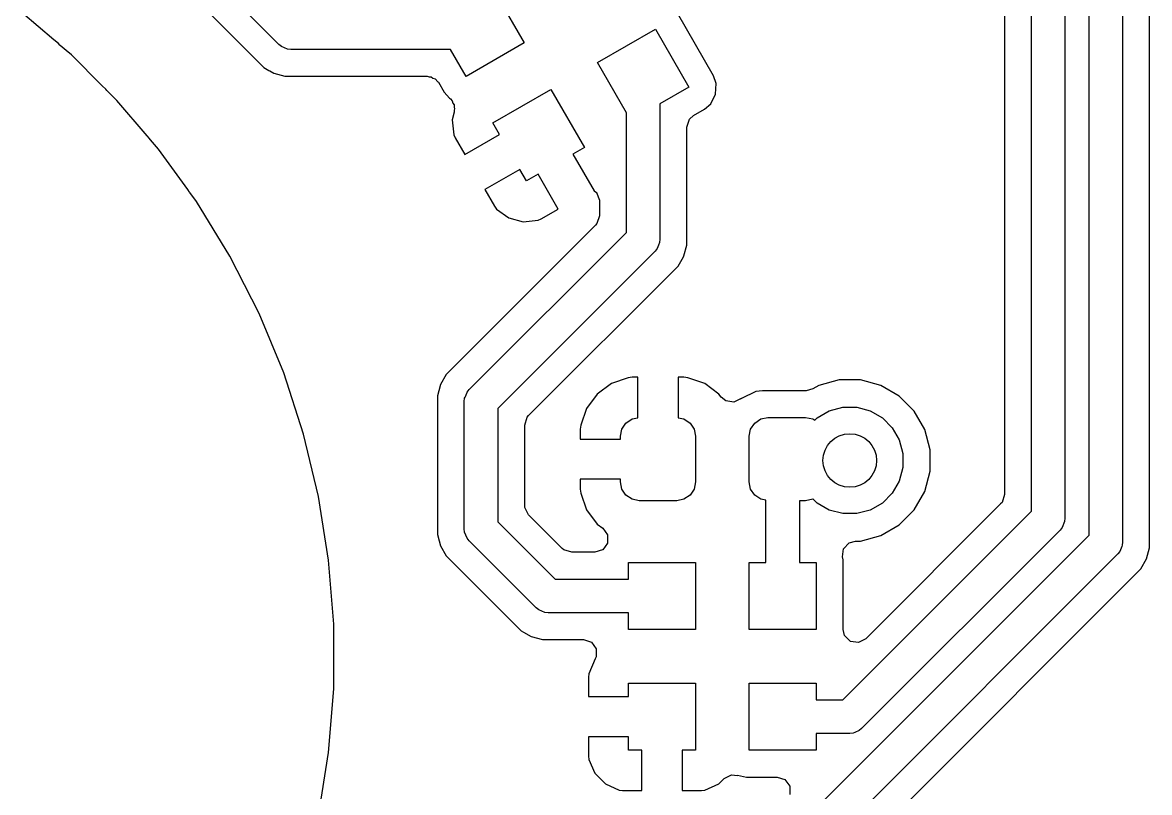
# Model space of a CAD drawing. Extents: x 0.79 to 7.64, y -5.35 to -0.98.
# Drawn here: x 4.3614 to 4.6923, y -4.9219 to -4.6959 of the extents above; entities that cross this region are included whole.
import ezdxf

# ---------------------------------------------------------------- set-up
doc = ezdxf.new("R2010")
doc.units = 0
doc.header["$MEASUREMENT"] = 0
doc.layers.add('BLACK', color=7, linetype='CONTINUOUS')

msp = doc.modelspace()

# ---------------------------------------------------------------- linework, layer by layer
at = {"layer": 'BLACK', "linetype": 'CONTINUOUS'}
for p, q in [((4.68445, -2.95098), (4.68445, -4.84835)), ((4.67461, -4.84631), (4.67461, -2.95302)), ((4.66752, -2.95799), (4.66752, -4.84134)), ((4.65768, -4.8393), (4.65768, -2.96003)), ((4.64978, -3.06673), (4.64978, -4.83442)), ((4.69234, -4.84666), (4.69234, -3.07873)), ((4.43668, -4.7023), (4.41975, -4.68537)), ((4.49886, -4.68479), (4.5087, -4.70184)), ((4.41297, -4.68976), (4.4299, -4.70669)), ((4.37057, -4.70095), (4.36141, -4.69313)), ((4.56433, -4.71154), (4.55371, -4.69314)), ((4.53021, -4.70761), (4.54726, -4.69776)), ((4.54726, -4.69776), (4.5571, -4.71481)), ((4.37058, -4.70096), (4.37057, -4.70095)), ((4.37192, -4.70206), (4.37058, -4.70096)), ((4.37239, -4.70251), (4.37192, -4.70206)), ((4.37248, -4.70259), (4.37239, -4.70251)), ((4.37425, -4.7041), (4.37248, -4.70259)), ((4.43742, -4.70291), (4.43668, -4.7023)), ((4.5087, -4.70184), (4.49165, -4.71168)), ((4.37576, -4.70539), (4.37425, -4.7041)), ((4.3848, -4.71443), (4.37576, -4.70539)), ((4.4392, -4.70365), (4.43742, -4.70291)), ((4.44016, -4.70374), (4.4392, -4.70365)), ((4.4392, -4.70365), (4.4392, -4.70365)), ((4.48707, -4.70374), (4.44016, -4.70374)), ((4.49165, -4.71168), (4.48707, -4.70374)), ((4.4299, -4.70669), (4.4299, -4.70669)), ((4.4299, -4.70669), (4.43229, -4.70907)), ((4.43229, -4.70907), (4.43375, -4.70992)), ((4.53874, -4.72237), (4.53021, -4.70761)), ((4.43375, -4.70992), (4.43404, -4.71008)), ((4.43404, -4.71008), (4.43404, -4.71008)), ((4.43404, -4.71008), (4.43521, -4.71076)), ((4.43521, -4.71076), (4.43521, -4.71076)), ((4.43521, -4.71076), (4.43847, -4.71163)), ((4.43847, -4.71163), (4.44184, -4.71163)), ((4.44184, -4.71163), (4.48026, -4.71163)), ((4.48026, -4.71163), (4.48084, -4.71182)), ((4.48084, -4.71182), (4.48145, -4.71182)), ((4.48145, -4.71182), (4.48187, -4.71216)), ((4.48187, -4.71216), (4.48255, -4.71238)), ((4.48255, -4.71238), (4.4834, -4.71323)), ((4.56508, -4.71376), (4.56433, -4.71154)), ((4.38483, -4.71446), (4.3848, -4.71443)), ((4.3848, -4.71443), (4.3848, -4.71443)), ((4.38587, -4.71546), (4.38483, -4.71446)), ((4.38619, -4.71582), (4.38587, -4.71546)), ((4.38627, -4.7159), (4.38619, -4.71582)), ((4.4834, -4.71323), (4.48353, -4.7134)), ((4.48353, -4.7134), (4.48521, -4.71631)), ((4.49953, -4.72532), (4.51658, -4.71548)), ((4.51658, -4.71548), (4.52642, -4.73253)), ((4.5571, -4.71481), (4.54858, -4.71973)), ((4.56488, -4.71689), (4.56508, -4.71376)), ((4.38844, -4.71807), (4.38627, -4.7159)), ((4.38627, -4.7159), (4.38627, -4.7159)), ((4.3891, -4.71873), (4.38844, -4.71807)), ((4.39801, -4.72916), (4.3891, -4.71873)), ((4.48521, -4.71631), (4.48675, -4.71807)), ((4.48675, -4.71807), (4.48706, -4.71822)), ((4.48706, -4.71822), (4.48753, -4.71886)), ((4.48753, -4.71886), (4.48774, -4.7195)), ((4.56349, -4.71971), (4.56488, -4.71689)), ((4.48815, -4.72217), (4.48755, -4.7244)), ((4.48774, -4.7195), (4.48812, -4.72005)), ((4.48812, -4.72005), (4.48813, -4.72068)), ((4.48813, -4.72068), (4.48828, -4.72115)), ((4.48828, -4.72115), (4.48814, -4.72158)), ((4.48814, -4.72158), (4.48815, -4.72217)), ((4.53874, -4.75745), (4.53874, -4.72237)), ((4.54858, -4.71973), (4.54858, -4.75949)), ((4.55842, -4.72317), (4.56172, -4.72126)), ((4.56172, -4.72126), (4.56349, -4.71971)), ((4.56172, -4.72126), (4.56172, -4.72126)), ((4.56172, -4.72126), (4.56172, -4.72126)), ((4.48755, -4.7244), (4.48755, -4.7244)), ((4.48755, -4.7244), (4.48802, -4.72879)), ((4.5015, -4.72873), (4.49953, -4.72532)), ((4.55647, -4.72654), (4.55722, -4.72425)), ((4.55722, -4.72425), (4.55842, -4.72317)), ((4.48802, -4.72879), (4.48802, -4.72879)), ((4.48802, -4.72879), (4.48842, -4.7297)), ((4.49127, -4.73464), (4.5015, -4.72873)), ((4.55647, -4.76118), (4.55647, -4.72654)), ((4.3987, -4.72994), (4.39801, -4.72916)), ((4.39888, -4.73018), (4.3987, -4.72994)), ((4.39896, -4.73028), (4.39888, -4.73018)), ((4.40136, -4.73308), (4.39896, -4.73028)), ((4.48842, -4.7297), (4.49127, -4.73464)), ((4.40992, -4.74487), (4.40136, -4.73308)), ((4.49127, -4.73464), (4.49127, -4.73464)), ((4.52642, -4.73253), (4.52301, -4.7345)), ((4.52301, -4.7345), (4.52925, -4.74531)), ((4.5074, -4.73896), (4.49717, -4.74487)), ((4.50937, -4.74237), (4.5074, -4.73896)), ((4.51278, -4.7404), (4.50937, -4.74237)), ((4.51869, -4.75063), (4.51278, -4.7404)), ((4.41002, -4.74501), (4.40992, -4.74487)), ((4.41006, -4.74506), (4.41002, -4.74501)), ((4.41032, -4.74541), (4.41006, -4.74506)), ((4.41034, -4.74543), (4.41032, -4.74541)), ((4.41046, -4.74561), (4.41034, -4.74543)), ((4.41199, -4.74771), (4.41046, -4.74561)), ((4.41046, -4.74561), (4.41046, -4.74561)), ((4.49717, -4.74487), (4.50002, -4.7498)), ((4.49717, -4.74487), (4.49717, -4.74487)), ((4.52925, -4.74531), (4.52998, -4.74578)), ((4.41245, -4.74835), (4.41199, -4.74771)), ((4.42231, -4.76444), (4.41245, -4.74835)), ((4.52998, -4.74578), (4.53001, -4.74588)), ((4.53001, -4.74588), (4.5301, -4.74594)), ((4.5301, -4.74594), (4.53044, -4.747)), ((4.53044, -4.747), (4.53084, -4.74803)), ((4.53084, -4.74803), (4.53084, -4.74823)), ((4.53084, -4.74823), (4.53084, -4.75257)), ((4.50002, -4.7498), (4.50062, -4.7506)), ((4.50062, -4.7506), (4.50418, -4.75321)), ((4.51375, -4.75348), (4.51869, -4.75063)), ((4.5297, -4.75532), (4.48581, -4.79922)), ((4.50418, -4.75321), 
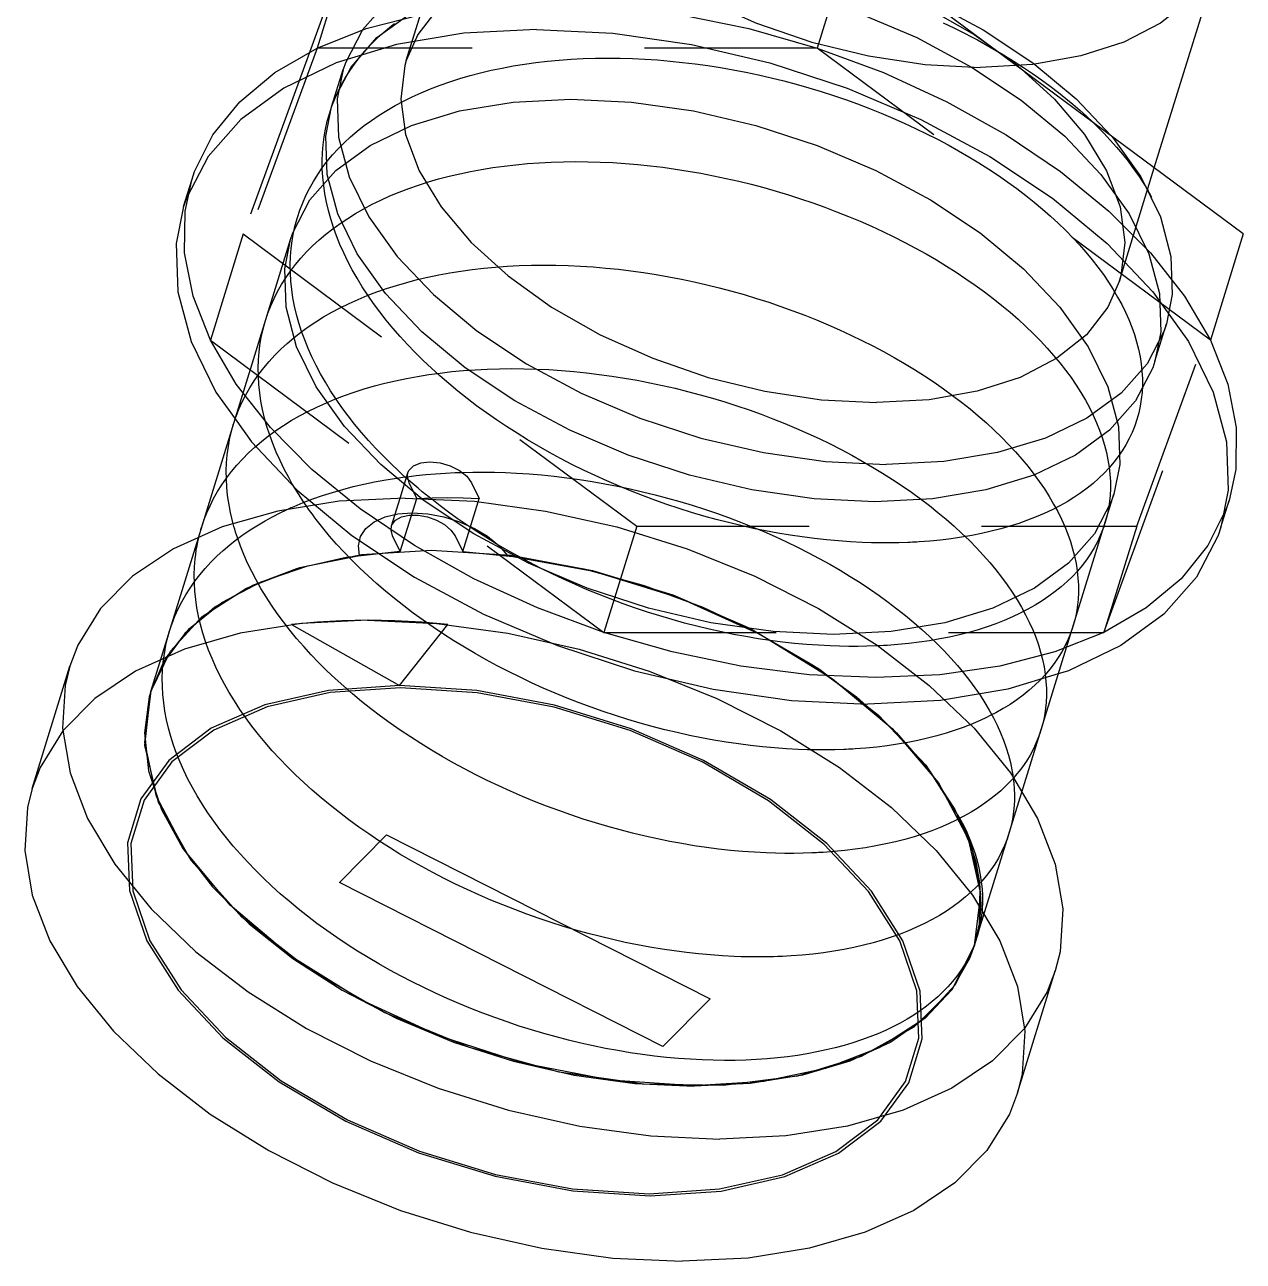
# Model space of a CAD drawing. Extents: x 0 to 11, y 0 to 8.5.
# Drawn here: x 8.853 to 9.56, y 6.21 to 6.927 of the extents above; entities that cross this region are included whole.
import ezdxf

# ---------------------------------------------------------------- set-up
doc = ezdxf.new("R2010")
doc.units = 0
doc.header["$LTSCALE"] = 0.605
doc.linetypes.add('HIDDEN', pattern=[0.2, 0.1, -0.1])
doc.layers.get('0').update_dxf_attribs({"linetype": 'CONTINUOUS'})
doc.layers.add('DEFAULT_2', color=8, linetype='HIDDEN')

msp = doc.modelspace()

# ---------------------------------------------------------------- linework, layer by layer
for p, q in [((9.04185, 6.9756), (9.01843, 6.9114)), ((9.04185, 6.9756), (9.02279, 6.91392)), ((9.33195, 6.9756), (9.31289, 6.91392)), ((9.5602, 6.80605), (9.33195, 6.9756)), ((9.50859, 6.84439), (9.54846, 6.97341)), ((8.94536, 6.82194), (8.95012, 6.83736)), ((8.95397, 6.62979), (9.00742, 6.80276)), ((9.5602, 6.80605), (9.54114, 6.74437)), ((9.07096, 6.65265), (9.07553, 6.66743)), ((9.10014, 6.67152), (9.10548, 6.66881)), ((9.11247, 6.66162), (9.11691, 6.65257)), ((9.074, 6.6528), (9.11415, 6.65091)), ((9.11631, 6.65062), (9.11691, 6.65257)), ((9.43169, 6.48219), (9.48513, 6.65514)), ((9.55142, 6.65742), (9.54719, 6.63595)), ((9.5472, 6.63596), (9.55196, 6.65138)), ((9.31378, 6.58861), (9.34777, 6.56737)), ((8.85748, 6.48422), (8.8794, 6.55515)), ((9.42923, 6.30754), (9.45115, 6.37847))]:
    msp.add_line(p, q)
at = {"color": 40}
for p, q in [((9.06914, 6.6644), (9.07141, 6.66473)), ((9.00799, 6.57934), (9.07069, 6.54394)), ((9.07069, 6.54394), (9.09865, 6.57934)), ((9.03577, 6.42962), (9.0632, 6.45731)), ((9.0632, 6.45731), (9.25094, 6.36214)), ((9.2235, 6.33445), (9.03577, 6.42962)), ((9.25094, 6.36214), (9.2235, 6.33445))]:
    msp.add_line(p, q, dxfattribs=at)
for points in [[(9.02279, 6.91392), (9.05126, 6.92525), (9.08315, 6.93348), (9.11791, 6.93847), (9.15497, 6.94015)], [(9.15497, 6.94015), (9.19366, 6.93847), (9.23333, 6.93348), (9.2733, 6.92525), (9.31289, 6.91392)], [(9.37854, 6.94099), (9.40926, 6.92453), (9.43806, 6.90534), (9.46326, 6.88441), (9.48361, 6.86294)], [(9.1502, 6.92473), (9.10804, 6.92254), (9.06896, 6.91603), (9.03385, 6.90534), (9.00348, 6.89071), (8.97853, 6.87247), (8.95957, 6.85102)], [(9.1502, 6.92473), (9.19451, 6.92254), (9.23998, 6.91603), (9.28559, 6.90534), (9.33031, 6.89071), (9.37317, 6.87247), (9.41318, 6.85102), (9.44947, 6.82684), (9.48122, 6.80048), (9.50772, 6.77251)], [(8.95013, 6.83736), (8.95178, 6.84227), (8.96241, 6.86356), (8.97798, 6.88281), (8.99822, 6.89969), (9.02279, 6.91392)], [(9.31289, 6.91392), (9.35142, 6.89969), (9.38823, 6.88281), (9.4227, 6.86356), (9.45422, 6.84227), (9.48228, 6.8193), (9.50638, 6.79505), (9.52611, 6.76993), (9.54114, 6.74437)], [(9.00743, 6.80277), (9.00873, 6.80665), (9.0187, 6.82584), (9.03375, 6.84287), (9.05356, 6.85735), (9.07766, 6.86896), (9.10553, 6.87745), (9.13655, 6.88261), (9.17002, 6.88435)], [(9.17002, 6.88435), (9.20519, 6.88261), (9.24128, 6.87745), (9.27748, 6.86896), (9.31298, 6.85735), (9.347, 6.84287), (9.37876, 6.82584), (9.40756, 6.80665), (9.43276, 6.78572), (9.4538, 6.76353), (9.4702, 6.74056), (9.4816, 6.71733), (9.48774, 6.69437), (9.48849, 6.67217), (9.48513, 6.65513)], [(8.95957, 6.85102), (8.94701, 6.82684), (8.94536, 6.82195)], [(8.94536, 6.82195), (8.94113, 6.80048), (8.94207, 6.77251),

EXERCISE OBJECTIVE = Go through the listing above and work out how many lines contain the string "HIDDEN". Reply with the number alone.

SOLUTION TO THE PROBLEM = 2